Thursday's meeting marks the closing stages of a dispute that flared up last year during on-off negotiations with Formula One supremo Bernie Ecclestone to secure the future of the British Grand Prix at BRDC-owned Silverstone.

Stewart, who has clashed with Ecclestone over the years, wanted a three-year deal while the then BRDC chairman Ray Bellm concluded a five-year one.

Shortly afterwards, despite Bellm being lauded for having saved a race whose future looked doomed at one point, the chairman was dismissed.

That triggered what the entrepreneur sees as a 'Ukrainian-style revolt' among the club's rank-and-file for Stewart to be removed from the decision-making part of the business.

Bellm is not seeking reinstatement but believes Stewart should leave the board and become more of an ambassadorial president -- something the Scot says he will not do.

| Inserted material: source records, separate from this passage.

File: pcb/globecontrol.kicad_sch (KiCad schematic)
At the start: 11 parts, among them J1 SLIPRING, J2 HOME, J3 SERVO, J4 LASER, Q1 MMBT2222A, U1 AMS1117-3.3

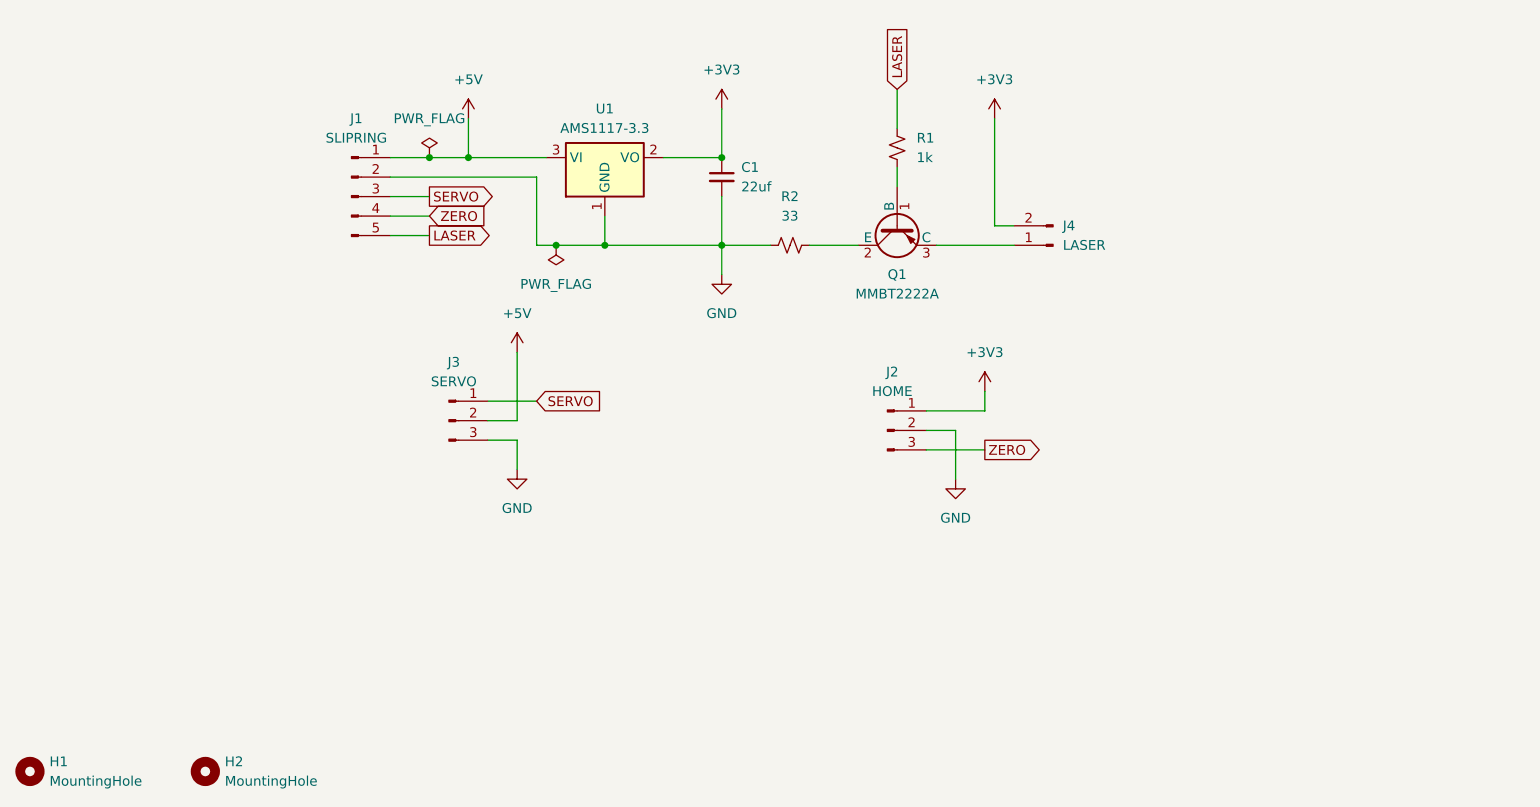
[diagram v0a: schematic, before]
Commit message: Added control for an LED for internal illumination
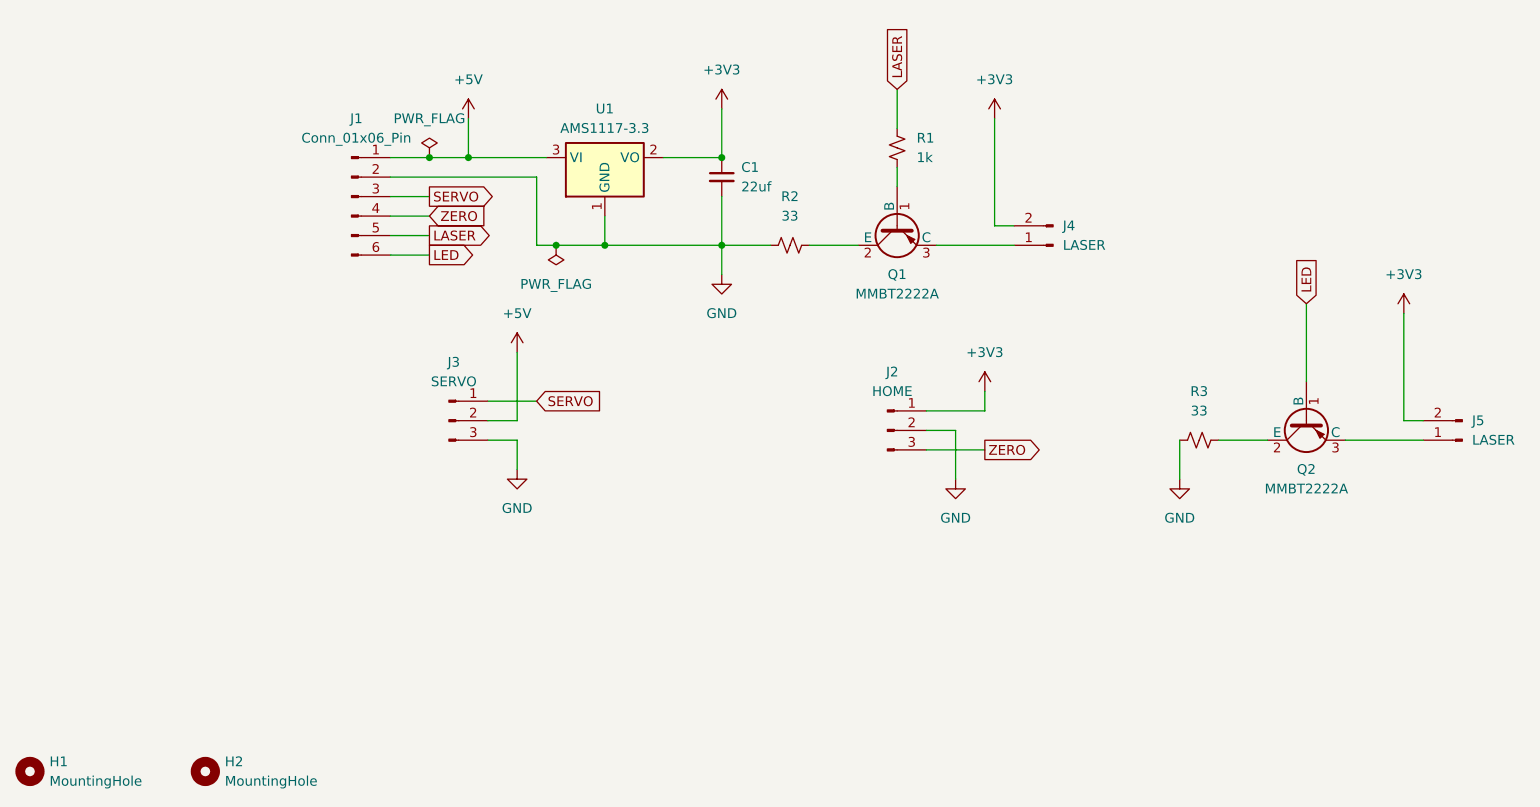
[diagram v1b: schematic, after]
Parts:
- removed J1: SLIPRING, Connector_PinHeader_2.54mm:PinHeader_1x05_P2.54mm_Vertical, symbol Connector:Conn_01x05_Pin
- added J1: Conn_01x06_Pin, Connector_PinHeader_2.54mm:PinHeader_1x06_P2.54mm_Vertical, symbol Connector:Conn_01x06_Pin
- added J5: LASER, Connector_PinHeader_2.54mm:PinHeader_1x02_P2.54mm_Vertical, symbol Connector:Conn_01x02_Pin
- added Q2: MMBT2222A, Package_TO_SOT_SMD:SOT-23, symbol personal:S8550
- added R3: 33, Resistor_SMD:R_0603_1608Metric, symbol Device:R_Small_US
- Q1: LCSC C8512 -> C8550
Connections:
- net +3V3: now also J5.2 (Pin_2)
- net +5V: now also J1.1 (Pin_1)
- net GND: now also J1.2 (Pin_2), R3.1
- net LASER: now also J1.5 (Pin_5)
- net SERVO: now also J1.3 (Pin_3)
- net ZERO: now also J1.4 (Pin_4)
- new net: Q2.2 (E), R3.2
- new net: J5.1 (Pin_1), Q2.3 (C)
- new net LED: J1.6 (Pin_6), Q2.1 (B)

Bellm says the BRDC, which boasts of being the world's most prestigious motor racing club, is run 'too much like a secret society' rather than a modern business.

Bad Blood

Letters released by Stewart showed the extent of bad blood flowing through the veins of an exclusive private club founded in 1928 when the 'Bentley Boys' were dominant at Le Mans.

One, a member for more than 50 years, said that he was saddened to see the club descending into a "cauldron of spite and abuse".

Robin Herd, founder of the March Formula One team in the 1970s, denounced "poisonous half-wits" while Frank Williams, Stirling Moss, Martin Brundle and Australian former champion Jack Brabham all urged members to support Stewart.

South African Jody Scheckter, world champion for Ferrari in 1979, said he had been shocked by the attacks on Stewart.

"On my part, I cannot see the negative in the club being represented by a self-made, three times world champion, former grand prix team owner who has always demonstrated the highest level of integrity," he added.

When the BRDC was founded, its aims included the promotion of motor sport and the extension of hospitality to racing drivers from overseas.

It took over the lease of Silverstone, a former World War Two airfield, in 1952 and bought the freehold from the government in 1971.

"The BRDC is unique in the world, it's the only racing drivers' club in the world that owns its own grand prix circuit. it's an amazing story," said Stewart.

"It's very important for me. The easiest thing for me to do would be to walk away from this, turn my back on it.

"But I wasn't about to walk away with the bully-boy tactics being played and being attacked in a very unfair fashion that threatens my integrity."